### Entries provided
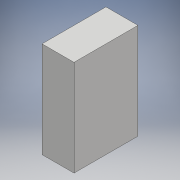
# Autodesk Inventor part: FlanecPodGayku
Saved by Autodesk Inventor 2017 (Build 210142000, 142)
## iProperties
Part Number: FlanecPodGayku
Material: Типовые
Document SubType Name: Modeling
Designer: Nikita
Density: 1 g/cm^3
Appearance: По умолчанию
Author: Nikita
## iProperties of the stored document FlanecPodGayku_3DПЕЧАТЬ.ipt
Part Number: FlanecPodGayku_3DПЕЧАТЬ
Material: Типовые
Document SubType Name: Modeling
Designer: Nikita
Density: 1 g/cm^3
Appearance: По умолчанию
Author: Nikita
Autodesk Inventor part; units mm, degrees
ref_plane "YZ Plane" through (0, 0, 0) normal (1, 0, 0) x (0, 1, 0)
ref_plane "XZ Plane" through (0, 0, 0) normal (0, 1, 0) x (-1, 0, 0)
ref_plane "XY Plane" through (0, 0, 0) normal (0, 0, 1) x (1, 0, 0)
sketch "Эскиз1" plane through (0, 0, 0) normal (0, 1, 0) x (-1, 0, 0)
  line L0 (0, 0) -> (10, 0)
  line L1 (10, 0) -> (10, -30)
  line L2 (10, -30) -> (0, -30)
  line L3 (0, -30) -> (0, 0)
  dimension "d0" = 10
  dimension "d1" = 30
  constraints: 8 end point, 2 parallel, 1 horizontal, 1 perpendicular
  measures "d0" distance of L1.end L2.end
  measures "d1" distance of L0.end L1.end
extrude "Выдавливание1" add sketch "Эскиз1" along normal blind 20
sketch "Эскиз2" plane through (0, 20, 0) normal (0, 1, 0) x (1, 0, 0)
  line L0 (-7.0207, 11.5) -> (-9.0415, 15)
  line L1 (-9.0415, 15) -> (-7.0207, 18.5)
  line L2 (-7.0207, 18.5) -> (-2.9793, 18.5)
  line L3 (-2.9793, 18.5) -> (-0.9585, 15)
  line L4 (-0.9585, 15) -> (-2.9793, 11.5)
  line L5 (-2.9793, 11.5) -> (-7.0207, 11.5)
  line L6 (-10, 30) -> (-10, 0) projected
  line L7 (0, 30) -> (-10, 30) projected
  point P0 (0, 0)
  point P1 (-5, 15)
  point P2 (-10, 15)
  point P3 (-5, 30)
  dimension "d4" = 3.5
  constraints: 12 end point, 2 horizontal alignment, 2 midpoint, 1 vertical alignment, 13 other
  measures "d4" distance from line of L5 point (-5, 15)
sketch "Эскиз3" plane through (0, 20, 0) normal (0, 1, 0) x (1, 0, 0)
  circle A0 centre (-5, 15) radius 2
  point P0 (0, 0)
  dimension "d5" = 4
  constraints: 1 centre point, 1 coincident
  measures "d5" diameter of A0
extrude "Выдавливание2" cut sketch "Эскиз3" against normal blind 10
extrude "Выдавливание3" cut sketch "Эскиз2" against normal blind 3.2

### Assignment
Output exactly one stretch of the listing: from the line containing "Autodesk Inventor part; units mm, degrees" through the line containing "constraints: 8 end", both end lines included.

### Your solution
Autodesk Inventor part; units mm, degrees
ref_plane "YZ Plane" through (0, 0, 0) normal (1, 0, 0) x (0, 1, 0)
ref_plane "XZ Plane" through (0, 0, 0) normal (0, 1, 0) x (-1, 0, 0)
ref_plane "XY Plane" through (0, 0, 0) normal (0, 0, 1) x (1, 0, 0)
sketch "Эскиз1" plane through (0, 0, 0) normal (0, 1, 0) x (-1, 0, 0)
  line L0 (0, 0) -> (10, 0)
  line L1 (10, 0) -> (10, -30)
  line L2 (10, -30) -> (0, -30)
  line L3 (0, -30) -> (0, 0)
  dimension "d0" = 10
  dimension "d1" = 30
  constraints: 8 end point, 2 parallel, 1 horizontal, 1 perpendicular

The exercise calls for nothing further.